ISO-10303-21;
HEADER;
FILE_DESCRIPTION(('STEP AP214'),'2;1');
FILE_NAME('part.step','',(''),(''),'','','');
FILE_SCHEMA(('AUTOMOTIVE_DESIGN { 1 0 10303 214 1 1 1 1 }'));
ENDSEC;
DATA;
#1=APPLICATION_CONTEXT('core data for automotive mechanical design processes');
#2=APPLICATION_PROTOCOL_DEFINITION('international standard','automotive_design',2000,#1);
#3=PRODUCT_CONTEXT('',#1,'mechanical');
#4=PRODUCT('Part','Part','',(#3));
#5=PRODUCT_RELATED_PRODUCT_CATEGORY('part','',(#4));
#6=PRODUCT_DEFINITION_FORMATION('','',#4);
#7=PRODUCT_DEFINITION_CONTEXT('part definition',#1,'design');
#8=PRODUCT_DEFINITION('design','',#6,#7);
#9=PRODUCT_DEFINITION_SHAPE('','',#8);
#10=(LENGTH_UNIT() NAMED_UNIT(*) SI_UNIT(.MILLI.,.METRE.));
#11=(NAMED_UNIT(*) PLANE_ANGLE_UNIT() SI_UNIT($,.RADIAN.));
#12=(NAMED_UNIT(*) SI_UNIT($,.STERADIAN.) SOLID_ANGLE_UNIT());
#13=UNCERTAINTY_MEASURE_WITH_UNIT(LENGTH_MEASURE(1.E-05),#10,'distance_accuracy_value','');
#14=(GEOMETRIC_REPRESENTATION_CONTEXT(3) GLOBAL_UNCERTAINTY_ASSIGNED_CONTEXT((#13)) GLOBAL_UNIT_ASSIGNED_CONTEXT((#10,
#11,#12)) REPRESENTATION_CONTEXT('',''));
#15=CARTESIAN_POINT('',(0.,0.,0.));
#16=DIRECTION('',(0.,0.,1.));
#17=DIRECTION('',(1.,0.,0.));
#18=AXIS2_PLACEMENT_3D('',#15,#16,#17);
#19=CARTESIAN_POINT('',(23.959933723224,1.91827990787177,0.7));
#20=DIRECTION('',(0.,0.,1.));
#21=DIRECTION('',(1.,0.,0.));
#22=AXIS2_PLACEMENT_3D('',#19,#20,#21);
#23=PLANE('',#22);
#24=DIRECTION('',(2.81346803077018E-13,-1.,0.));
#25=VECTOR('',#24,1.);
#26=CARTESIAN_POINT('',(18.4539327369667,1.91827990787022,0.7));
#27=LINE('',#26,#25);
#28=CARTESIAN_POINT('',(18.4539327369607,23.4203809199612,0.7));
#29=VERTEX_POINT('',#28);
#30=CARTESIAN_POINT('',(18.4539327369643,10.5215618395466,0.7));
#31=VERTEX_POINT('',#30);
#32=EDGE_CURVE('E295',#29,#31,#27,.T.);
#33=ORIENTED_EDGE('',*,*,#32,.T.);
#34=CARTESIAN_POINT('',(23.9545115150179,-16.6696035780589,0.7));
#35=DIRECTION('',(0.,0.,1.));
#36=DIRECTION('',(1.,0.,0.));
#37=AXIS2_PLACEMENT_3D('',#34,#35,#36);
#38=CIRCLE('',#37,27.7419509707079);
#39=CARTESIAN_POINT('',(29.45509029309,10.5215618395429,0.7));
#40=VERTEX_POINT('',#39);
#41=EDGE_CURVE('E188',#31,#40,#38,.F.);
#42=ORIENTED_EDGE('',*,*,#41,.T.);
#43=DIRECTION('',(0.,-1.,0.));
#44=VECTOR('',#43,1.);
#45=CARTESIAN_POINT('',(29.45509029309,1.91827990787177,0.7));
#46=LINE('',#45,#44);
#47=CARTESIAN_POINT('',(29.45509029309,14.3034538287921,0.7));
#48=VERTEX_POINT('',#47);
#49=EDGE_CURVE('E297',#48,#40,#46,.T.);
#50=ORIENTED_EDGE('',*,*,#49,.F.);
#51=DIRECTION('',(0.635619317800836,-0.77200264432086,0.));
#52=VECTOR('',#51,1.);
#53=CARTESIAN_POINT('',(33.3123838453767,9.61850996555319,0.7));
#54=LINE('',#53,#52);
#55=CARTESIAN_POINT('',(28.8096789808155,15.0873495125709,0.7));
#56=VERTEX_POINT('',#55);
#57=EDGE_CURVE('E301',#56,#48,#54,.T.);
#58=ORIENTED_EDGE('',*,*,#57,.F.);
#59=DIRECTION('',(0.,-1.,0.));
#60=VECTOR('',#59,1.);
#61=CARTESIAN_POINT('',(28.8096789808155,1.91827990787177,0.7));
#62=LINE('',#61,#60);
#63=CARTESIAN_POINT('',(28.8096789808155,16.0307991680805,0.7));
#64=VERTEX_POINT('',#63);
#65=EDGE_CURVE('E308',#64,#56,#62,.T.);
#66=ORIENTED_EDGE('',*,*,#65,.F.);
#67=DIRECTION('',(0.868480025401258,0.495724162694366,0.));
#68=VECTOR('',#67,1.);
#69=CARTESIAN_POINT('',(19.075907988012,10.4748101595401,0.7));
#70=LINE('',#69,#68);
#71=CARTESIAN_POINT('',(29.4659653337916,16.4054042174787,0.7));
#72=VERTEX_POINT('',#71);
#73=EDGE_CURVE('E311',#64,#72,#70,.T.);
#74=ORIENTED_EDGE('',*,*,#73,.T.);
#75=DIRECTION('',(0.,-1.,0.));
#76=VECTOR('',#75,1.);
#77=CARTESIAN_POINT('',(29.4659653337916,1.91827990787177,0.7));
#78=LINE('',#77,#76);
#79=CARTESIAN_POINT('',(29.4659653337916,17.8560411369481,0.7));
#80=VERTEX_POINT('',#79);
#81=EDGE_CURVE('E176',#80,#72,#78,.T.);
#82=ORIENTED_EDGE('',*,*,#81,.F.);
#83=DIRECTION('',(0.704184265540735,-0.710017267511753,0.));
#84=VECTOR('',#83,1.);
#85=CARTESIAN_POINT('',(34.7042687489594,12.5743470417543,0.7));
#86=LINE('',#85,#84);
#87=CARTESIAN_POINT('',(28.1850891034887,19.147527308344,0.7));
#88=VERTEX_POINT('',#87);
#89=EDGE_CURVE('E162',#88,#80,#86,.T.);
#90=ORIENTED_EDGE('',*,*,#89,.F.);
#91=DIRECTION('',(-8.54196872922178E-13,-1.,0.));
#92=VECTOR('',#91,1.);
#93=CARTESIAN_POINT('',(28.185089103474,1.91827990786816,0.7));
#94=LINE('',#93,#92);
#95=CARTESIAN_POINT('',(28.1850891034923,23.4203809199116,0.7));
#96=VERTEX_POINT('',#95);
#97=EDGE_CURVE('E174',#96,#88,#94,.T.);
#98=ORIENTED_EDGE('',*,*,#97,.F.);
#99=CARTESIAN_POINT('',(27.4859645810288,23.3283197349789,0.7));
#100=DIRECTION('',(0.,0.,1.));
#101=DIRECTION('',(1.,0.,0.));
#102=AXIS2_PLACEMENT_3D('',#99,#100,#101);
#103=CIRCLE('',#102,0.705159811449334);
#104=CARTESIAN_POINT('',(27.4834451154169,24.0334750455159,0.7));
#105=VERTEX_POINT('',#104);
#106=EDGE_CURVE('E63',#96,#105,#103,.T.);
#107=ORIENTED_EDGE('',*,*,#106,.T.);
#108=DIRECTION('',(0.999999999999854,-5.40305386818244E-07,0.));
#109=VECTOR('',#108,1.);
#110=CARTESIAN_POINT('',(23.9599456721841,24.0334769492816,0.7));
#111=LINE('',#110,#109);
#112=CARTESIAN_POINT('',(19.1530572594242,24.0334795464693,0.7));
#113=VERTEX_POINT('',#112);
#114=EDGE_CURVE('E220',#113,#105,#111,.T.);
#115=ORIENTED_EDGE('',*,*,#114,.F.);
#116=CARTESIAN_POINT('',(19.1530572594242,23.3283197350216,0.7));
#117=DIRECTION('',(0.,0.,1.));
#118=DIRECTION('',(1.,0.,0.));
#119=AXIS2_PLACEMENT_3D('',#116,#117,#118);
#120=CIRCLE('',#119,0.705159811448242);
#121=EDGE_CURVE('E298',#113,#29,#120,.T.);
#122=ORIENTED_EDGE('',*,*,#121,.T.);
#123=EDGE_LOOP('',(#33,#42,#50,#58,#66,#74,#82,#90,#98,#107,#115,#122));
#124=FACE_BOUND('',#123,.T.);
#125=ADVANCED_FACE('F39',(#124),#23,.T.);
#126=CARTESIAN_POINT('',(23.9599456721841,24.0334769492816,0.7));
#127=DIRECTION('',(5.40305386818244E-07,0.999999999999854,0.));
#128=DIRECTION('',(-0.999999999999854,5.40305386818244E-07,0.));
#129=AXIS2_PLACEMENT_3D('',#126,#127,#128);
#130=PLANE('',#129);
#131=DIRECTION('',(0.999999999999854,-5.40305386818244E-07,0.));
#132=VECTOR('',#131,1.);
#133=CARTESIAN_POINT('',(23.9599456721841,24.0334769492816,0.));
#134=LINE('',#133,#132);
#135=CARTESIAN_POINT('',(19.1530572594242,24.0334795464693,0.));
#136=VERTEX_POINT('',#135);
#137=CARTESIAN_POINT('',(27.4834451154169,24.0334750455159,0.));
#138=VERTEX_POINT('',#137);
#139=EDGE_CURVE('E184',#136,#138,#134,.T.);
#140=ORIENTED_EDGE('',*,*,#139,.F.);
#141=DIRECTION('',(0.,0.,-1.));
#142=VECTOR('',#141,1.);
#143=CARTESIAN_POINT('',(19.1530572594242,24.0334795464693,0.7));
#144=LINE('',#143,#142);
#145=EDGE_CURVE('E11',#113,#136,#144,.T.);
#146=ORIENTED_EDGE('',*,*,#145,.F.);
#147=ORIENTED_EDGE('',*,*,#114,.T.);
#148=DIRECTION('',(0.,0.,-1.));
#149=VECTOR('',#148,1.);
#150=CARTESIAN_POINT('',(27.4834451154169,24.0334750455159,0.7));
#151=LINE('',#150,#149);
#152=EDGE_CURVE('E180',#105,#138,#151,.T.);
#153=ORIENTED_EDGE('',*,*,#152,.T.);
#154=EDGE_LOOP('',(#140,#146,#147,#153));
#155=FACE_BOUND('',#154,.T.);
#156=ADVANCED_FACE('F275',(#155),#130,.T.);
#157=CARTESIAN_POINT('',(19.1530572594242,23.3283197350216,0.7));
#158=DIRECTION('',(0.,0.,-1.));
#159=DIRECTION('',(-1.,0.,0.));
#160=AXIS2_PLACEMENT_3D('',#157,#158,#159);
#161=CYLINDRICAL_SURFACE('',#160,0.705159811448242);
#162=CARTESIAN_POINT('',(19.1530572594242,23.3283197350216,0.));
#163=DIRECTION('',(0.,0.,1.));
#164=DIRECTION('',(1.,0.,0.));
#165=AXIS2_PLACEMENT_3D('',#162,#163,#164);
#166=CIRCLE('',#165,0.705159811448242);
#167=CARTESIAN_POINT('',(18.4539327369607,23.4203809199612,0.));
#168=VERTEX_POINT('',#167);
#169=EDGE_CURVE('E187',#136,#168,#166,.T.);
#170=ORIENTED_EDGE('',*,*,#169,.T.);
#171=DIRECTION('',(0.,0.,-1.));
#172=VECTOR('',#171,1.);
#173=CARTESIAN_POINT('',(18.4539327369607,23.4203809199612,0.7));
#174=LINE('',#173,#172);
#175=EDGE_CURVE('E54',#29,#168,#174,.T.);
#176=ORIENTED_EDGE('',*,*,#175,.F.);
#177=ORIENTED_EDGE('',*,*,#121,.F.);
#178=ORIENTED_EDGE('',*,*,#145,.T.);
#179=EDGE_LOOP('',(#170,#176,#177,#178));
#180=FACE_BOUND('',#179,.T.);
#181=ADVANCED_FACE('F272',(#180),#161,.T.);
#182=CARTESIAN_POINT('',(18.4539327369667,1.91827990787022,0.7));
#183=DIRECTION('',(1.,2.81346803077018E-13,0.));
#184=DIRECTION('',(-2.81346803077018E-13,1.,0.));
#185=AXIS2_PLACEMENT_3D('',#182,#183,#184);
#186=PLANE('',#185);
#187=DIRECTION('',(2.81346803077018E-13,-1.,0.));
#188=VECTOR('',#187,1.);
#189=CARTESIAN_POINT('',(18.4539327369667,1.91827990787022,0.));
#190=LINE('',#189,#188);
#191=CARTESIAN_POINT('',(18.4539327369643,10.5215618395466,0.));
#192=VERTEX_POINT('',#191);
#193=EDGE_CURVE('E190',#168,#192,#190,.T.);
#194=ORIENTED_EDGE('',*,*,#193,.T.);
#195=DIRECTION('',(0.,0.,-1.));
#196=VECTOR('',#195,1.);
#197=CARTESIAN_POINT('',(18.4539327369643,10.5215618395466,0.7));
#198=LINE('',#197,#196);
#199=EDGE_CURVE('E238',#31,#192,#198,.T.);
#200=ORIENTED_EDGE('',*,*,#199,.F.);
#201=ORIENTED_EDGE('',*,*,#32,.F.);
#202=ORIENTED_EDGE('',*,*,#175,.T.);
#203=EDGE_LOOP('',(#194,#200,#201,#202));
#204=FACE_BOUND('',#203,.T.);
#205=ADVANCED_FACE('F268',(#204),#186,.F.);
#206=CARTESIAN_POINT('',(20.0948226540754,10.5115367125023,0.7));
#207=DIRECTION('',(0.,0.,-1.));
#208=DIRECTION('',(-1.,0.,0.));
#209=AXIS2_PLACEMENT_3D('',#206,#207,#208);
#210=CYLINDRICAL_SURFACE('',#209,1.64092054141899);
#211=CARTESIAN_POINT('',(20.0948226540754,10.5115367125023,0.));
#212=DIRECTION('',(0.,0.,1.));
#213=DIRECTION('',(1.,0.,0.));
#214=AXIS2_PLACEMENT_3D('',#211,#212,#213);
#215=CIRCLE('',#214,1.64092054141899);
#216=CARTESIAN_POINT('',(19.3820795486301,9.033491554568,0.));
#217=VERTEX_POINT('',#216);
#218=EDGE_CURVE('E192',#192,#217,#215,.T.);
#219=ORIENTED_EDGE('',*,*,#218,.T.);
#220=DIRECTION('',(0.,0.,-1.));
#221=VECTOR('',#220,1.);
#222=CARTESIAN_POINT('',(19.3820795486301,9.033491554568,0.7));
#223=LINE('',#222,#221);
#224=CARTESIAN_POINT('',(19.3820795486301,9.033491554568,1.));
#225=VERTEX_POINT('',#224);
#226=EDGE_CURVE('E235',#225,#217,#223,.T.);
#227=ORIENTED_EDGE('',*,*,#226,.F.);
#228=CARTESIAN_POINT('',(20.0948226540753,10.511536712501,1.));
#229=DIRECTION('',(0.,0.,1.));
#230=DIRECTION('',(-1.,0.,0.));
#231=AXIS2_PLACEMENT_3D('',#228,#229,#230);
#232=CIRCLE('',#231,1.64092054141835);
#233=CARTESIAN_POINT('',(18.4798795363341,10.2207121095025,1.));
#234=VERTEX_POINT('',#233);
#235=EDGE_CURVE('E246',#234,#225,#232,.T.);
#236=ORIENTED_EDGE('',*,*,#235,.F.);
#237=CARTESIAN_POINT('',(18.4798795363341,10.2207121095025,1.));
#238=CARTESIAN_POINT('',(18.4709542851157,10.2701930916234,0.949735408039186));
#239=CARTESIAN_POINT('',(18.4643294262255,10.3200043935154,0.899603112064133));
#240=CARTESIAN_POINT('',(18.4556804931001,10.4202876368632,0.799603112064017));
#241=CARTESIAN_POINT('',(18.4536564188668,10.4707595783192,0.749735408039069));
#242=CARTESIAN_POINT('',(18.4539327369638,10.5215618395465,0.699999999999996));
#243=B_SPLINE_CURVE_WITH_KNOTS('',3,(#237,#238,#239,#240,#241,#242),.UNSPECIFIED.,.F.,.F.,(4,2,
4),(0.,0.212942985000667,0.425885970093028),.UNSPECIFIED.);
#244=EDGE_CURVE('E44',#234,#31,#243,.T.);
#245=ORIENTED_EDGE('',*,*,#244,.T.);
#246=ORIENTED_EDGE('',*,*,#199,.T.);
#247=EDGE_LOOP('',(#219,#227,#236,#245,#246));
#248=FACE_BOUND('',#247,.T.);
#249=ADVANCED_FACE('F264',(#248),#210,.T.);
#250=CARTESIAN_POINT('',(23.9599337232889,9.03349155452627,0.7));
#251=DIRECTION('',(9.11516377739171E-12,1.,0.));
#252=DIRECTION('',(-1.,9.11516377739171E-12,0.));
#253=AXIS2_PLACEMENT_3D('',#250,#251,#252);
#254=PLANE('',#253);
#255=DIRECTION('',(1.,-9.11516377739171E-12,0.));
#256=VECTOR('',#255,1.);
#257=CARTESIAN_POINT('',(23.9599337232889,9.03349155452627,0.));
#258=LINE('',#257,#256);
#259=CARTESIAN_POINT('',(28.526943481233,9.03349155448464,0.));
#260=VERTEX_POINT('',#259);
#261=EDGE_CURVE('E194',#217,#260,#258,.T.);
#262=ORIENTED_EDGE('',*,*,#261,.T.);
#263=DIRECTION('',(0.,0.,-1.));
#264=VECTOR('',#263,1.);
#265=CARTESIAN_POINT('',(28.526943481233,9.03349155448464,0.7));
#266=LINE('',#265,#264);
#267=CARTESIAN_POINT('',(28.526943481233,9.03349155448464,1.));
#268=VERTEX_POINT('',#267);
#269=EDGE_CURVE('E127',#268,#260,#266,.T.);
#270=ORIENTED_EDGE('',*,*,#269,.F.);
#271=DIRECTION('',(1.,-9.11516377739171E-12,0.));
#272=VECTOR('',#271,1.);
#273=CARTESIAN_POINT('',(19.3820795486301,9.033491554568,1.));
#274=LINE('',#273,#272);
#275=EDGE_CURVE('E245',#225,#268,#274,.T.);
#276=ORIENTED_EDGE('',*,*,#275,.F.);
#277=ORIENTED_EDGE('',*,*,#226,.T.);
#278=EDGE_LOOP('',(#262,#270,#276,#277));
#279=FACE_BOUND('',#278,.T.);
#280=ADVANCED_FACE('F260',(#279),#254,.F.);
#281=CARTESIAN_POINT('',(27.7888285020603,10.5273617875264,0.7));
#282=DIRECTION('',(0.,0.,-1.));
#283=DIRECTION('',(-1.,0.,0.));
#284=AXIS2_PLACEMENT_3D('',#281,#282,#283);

----------------

** DIRECTIONS FOR THIS TASK **
Output the listing above word for word, from the opening line through the line that contains "#15=CARTESIAN_POINT('',(0.,0.,0.));", and leave out everything after it.

** WRITTEN ANSWER **
ISO-10303-21;
HEADER;
FILE_DESCRIPTION(('STEP AP214'),'2;1');
FILE_NAME('part.step','',(''),(''),'','','');
FILE_SCHEMA(('AUTOMOTIVE_DESIGN { 1 0 10303 214 1 1 1 1 }'));
ENDSEC;
DATA;
#1=APPLICATION_CONTEXT('core data for automotive mechanical design processes');
#2=APPLICATION_PROTOCOL_DEFINITION('international standard','automotive_design',2000,#1);
#3=PRODUCT_CONTEXT('',#1,'mechanical');
#4=PRODUCT('Part','Part','',(#3));
#5=PRODUCT_RELATED_PRODUCT_CATEGORY('part','',(#4));
#6=PRODUCT_DEFINITION_FORMATION('','',#4);
#7=PRODUCT_DEFINITION_CONTEXT('part definition',#1,'design');
#8=PRODUCT_DEFINITION('design','',#6,#7);
#9=PRODUCT_DEFINITION_SHAPE('','',#8);
#10=(LENGTH_UNIT() NAMED_UNIT(*) SI_UNIT(.MILLI.,.METRE.));
#11=(NAMED_UNIT(*) PLANE_ANGLE_UNIT() SI_UNIT($,.RADIAN.));
#12=(NAMED_UNIT(*) SI_UNIT($,.STERADIAN.) SOLID_ANGLE_UNIT());
#13=UNCERTAINTY_MEASURE_WITH_UNIT(LENGTH_MEASURE(1.E-05),#10,'distance_accuracy_value','');
#14=(GEOMETRIC_REPRESENTATION_CONTEXT(3) GLOBAL_UNCERTAINTY_ASSIGNED_CONTEXT((#13)) GLOBAL_UNIT_ASSIGNED_CONTEXT((#10,
#11,#12)) REPRESENTATION_CONTEXT('',''));
#15=CARTESIAN_POINT('',(0.,0.,0.));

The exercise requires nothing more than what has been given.